The government formation will be the main contest in the weeks ahead. The Shia political blocs, which are the majority and are to nominate the prime minister, are witnessing their worst political conditions since 2003, as their interpersonal differences seem virtually irreconcilable. If they fail to find a common cause between now and the election of the new Iraqi president, their divisions will characterize the next legislative term.
The Shia representation by one small faction won’t affect the Shia representation in the government, as the number of ministries for each ethno-sectarian group are fixed and the Shia ministries will go to the Shia faction that is part of the cross-sectarian coalition. However, the negative consequences of the Shia division will be on the outcome of the legislative process. Lacking the largest bloc status in the COR will remove Shia influence from the legislative agenda, which the speaker already overshadows. The new majority will decide the financial allocations, reconstruction decisions, services, and other federal decisions, where the Shia constitute a junior partner.
Iran, which refrained from overtly interfering in the post-election process until the COR leadership elections, made a swift position change and has recently put its finger on the scale. On January 16, the commander of the Quds Force, General Esmail Qaani, arrived in Iraq, visiting various Iraqi Shia leaders in an appeal to give up their current intra-Shia zero-sum game and form a Shia coalition with as many political blocs as possible to negotiate the government formation. His visit to Baghdad and Najaf didn’t bring the desired results, so he returned to Iraq for a second time on January 29 to take a different approach by asking Barzani to mediate between Sadr and his Shia opponents. Barzani sent a delegation—including the President of the Kurdistan Regional Government Nechirvan Barzani and COR Speaker Halbousi—to convince Sadr to embrace all Shia blocs in the upcoming government. Whether they succeeded in convincing both sides—particularly Muqtada al-Sadr—remains to be seen.
Sadr would like to increase his coalition by adding a number of his Shia competitors, but he is vehemently opposed to allying with former Prime Minister Nuri al-Maliki, whose State of Law coalition currently has thirty-eight seats in the COR. Maliki just managed to secure a renewal of his term as chairman of the Da’wa Party on January 15, and seems to have been able to keep his large non-Sadrist alliance together (until now), despite Sadr’s multiple attempts to court some of Maliki’s allies.

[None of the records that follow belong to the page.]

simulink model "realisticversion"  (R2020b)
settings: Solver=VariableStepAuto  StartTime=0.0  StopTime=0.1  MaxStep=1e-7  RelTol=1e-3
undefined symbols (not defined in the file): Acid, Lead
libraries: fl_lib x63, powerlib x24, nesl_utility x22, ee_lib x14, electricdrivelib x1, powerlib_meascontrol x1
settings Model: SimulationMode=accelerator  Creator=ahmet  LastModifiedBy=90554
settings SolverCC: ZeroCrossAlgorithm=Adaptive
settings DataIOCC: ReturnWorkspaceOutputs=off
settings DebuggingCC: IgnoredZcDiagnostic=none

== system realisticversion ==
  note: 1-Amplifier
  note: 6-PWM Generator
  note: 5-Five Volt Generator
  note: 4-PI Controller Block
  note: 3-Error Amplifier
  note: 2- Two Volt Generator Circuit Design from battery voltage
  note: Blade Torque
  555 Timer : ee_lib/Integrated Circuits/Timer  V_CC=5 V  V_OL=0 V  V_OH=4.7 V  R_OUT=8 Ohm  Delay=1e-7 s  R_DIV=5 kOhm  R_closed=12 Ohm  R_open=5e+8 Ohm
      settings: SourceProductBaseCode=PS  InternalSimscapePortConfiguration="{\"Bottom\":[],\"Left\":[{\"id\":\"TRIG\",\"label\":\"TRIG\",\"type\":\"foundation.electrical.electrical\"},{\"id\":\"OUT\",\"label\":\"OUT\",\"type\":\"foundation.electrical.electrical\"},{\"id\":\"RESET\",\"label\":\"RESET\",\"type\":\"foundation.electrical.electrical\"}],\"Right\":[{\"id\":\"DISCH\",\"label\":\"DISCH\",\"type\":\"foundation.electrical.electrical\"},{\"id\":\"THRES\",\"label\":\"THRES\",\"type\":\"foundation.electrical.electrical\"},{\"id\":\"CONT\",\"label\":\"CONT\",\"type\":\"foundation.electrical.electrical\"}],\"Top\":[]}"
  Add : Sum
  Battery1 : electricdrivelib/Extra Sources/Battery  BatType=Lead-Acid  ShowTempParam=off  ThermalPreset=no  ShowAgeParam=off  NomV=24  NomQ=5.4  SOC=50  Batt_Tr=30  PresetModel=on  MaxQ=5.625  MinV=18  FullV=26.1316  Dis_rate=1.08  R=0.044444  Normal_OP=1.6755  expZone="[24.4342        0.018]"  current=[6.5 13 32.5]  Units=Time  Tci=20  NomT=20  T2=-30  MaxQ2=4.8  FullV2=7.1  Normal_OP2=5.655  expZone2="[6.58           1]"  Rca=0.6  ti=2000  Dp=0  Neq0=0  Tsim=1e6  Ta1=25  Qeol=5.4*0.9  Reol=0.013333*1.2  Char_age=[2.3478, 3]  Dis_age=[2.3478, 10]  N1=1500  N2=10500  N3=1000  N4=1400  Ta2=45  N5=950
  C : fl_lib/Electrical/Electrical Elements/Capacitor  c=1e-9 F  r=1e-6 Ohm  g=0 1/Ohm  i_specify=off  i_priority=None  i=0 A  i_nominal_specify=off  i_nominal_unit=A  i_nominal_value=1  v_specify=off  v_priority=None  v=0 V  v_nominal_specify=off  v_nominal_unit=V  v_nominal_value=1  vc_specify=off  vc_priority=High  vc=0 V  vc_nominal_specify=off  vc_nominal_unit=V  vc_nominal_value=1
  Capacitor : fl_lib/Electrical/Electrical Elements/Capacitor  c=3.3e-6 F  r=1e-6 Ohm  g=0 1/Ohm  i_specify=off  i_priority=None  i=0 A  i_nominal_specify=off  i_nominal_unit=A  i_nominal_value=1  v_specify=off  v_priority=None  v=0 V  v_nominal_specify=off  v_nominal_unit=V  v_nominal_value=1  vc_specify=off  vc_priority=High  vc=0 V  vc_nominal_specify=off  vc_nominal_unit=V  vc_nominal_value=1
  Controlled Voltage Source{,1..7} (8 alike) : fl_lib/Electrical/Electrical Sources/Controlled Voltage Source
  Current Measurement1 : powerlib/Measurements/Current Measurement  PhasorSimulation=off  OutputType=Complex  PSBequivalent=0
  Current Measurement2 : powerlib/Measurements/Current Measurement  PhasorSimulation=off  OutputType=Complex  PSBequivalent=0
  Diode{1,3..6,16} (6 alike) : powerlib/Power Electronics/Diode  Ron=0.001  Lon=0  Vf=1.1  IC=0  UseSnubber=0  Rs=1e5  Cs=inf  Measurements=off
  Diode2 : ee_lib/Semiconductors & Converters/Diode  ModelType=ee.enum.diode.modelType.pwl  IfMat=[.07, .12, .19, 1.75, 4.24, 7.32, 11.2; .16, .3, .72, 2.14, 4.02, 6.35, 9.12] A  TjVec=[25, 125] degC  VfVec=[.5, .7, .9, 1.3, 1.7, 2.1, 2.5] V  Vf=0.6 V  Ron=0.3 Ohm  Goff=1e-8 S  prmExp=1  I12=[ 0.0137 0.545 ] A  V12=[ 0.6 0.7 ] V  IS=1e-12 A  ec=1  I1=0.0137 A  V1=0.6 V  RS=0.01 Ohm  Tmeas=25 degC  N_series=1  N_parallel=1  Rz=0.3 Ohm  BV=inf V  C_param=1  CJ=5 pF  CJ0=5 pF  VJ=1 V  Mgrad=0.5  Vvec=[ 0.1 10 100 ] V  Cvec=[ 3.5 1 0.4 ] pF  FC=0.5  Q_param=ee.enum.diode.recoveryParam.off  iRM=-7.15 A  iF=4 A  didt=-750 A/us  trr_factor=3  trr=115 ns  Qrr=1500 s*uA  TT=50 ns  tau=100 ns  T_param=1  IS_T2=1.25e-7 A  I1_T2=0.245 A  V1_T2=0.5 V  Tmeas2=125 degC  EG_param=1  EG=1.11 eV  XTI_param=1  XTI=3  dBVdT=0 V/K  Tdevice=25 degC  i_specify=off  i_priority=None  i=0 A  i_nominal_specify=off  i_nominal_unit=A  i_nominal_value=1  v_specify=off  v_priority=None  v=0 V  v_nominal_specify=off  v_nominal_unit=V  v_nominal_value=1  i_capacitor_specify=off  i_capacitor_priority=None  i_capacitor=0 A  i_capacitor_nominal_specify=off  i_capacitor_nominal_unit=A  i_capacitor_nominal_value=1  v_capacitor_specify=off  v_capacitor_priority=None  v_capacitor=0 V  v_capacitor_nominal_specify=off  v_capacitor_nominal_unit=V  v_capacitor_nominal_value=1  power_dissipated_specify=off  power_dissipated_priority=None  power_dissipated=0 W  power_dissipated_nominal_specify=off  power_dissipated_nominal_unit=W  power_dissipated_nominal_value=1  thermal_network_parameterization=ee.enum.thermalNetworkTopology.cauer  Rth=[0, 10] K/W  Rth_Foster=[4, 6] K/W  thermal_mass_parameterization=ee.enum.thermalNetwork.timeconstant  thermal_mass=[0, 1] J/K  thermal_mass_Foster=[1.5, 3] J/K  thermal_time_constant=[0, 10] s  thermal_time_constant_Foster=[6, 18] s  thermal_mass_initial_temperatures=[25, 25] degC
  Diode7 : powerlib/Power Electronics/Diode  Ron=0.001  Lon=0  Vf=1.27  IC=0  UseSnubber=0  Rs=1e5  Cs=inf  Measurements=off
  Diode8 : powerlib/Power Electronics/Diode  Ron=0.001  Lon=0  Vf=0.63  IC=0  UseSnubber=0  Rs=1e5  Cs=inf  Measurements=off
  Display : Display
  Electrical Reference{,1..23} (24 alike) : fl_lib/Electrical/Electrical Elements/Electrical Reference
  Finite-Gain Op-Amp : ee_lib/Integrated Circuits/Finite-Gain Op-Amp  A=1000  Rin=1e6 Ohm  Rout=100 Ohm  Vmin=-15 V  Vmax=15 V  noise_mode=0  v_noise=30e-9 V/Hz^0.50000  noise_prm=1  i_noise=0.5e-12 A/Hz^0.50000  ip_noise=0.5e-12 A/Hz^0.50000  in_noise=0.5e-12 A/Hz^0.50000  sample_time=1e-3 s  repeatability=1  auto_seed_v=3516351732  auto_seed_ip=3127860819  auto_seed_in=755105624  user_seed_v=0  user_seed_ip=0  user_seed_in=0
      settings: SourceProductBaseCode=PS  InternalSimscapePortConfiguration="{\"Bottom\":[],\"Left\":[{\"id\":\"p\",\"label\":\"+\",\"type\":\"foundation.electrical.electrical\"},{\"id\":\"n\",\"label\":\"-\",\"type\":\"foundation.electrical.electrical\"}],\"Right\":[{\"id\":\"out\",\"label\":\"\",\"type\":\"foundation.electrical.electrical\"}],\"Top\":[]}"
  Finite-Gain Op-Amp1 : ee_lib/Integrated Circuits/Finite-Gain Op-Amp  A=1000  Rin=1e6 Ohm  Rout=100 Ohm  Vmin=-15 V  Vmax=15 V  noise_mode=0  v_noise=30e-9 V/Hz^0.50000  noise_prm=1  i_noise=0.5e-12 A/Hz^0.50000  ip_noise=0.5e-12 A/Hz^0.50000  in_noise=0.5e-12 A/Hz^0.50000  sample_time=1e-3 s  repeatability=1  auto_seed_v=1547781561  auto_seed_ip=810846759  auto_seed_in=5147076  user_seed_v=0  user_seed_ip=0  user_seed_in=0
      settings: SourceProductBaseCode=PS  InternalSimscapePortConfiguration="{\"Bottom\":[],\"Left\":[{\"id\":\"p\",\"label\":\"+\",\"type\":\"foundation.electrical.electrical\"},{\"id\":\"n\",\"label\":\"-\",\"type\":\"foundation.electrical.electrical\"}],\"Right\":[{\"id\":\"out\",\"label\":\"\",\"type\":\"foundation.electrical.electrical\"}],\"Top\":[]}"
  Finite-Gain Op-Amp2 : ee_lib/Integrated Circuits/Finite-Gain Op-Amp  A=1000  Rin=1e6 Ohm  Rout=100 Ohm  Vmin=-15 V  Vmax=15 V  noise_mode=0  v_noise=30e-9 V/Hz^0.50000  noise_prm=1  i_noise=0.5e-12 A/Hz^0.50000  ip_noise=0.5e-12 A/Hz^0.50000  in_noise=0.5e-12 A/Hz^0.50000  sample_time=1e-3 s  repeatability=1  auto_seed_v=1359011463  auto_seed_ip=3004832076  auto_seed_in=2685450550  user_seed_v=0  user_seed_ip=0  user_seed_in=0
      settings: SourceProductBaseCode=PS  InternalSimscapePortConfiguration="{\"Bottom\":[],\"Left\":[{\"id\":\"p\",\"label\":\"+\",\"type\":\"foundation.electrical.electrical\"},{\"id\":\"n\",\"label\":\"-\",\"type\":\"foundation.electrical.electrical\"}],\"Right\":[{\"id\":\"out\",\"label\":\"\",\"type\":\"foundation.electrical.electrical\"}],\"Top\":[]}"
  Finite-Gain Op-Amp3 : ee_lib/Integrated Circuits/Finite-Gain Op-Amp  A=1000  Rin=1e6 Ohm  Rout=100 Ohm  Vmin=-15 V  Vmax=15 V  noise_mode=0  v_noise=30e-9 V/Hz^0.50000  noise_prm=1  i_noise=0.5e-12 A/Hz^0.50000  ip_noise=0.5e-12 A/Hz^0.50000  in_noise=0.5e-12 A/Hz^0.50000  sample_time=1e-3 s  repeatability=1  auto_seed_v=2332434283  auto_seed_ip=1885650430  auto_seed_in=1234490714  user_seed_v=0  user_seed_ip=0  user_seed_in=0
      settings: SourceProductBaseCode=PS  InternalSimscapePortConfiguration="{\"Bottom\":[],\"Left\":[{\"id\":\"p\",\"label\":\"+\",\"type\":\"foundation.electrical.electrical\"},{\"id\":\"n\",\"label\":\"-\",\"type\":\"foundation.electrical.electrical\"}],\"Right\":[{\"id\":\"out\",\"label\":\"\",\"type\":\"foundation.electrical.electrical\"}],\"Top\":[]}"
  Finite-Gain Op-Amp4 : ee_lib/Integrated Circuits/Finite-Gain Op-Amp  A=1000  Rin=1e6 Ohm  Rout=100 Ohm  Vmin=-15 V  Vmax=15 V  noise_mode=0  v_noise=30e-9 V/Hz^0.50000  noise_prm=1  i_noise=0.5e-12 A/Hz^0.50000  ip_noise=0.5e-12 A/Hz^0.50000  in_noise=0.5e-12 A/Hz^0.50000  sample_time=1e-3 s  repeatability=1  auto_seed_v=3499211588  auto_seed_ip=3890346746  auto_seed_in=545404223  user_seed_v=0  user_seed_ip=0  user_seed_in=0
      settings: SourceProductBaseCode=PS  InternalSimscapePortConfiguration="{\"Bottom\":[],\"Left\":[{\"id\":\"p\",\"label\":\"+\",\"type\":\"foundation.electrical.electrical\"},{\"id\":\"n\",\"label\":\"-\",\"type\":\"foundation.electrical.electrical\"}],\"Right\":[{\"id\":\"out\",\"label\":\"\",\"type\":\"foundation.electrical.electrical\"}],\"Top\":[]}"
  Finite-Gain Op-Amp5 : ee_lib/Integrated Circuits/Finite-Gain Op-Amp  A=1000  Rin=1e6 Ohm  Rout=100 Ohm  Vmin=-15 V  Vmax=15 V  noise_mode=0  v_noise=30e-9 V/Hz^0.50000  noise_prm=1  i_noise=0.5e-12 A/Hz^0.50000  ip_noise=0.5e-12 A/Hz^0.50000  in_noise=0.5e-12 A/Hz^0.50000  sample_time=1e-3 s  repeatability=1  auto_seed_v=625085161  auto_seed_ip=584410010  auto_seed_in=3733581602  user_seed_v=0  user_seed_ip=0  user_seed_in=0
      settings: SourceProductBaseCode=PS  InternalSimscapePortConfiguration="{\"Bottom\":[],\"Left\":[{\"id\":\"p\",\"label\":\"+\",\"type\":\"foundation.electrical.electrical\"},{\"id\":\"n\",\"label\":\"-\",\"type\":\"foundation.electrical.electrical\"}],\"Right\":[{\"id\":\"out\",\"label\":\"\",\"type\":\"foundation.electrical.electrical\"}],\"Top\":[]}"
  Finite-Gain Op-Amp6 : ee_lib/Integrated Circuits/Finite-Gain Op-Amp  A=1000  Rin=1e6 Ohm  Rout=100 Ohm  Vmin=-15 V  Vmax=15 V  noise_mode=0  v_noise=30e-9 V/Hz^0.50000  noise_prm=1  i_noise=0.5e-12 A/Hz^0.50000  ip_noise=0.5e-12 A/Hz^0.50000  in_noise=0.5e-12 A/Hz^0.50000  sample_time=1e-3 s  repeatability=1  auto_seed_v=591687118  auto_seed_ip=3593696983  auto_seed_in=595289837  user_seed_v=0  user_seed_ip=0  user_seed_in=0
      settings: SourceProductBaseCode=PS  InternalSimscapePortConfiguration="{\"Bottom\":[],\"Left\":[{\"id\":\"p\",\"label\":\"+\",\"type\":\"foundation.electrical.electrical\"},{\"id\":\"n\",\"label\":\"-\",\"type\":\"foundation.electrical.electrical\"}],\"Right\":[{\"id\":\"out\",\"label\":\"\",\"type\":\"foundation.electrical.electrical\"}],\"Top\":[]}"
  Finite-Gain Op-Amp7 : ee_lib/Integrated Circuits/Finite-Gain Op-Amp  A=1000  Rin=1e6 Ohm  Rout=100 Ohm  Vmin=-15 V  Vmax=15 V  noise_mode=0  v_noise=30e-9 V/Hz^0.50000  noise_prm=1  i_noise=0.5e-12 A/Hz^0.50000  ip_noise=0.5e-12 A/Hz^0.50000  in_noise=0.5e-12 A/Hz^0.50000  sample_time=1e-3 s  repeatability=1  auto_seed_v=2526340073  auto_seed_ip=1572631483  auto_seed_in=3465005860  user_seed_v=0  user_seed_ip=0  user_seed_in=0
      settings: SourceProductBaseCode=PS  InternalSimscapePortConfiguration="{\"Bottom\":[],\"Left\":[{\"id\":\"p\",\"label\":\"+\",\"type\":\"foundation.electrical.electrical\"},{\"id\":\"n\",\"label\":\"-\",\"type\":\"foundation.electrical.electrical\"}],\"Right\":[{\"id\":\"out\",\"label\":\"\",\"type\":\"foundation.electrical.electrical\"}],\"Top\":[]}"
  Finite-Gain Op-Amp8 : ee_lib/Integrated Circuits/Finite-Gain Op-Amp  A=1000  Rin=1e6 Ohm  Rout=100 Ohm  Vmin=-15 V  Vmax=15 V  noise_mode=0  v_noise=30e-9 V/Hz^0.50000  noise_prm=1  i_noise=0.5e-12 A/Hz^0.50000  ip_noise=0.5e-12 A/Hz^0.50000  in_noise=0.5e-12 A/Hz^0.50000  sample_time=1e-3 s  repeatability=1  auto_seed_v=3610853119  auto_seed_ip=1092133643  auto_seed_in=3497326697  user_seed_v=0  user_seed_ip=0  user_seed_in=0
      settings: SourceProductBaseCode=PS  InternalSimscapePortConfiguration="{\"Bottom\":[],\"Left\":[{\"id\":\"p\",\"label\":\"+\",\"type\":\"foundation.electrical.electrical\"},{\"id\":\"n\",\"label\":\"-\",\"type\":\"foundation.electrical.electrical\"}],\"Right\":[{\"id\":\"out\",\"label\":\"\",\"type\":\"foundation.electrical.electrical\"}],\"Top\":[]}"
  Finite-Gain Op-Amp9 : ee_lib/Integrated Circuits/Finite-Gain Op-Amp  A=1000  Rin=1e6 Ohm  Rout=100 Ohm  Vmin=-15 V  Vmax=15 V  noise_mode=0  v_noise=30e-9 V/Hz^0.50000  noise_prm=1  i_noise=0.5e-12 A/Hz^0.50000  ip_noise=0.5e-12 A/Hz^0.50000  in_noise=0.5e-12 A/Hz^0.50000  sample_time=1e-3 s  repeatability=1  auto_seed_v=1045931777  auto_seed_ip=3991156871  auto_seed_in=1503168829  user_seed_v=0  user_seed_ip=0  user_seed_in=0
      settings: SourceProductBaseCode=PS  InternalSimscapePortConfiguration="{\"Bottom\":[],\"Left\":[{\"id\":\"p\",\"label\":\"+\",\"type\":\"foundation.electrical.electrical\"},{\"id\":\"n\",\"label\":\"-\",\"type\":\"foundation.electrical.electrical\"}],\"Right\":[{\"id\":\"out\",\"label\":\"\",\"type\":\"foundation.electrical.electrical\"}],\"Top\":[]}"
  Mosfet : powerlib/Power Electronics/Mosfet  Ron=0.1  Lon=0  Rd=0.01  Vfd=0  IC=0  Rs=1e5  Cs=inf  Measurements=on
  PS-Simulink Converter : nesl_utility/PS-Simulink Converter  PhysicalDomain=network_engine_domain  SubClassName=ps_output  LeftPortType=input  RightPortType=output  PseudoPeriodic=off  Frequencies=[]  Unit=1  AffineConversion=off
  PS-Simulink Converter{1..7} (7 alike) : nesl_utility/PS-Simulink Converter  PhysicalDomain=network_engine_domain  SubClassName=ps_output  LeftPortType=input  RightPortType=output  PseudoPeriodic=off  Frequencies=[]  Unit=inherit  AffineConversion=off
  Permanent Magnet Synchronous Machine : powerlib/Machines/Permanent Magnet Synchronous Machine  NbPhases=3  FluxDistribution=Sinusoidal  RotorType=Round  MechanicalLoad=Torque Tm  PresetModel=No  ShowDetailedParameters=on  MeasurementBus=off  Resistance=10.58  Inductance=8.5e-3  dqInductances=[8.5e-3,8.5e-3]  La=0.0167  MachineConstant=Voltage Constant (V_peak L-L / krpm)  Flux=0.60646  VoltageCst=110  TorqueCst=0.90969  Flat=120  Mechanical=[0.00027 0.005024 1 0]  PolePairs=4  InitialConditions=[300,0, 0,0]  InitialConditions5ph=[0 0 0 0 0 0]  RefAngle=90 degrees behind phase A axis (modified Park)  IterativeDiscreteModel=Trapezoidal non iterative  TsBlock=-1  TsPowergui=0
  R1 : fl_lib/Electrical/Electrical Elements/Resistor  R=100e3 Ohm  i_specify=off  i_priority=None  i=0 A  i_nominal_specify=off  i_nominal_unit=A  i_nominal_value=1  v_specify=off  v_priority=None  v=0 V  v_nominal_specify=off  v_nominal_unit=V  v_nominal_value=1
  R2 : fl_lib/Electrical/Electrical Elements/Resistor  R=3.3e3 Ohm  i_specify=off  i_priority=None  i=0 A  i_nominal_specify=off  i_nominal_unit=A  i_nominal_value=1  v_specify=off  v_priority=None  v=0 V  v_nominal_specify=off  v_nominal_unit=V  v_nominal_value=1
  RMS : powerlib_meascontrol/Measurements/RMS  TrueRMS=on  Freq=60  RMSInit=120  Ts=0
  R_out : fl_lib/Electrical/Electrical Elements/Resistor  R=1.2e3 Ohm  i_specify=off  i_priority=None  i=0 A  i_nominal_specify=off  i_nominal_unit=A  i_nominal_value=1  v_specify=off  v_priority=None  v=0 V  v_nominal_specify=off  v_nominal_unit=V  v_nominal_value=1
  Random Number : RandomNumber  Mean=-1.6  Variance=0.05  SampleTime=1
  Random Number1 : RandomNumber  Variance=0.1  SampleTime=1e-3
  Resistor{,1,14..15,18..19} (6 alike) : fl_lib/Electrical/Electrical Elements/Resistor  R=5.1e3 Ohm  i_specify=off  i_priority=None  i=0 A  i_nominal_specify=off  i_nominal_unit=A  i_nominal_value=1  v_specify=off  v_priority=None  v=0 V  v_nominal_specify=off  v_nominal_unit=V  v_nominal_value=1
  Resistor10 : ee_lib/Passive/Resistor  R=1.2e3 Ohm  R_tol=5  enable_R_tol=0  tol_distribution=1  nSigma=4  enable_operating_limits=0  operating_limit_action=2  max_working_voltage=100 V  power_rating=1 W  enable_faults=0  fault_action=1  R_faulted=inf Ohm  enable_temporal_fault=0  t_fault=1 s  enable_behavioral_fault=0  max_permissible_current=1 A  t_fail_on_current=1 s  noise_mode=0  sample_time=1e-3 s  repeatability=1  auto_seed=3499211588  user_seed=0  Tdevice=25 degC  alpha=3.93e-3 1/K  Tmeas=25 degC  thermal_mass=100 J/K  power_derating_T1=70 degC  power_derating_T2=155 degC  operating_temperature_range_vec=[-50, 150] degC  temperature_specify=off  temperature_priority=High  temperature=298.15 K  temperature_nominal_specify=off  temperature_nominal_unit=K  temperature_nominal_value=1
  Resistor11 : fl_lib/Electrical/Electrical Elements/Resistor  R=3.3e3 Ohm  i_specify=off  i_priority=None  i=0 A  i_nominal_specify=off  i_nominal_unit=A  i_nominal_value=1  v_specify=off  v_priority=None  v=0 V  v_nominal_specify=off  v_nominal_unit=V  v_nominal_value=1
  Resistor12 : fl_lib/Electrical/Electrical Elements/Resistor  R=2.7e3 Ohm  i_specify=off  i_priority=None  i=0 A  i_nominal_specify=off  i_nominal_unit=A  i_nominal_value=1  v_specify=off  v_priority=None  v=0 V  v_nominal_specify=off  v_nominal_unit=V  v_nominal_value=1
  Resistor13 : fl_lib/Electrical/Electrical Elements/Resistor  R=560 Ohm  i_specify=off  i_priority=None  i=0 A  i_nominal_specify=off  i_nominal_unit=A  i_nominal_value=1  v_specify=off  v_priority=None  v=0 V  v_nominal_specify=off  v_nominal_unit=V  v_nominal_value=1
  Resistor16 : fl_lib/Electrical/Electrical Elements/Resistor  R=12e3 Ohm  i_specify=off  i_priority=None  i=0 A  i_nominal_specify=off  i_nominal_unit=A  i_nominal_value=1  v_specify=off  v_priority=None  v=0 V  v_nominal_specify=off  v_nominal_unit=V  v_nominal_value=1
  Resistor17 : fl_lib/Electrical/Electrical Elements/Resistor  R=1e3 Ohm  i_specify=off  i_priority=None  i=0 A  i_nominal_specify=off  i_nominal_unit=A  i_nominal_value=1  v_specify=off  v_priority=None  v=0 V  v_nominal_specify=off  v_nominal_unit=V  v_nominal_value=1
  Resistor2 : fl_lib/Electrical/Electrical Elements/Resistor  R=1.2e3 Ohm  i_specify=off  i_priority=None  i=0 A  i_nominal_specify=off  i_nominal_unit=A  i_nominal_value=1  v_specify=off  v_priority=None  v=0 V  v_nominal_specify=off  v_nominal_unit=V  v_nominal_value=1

Whatever the outcome of the ongoing negotiations, the prospects of the next government will depend on the conditions of intra-Shia relations. While the departure from the status quo system—everyone is part of the government and no one is accountable—is a welcome development, it isn’t guaranteed to fix the broken political conditions of Iraq. A prime minister with a support system that consists of a minority among the Shia will be trapped between the hostility of his Shia opposition and the endless demands of his non-Shia allies. Meanwhile, a COR opposition bloc that is primarily made of one ethno-sectarian faction, namely the Shia, won’t provide the Iraqi political process the balance it badly needs. Such opposition will take a spoiler’s role without the tools to exercise robust and constructive oversight.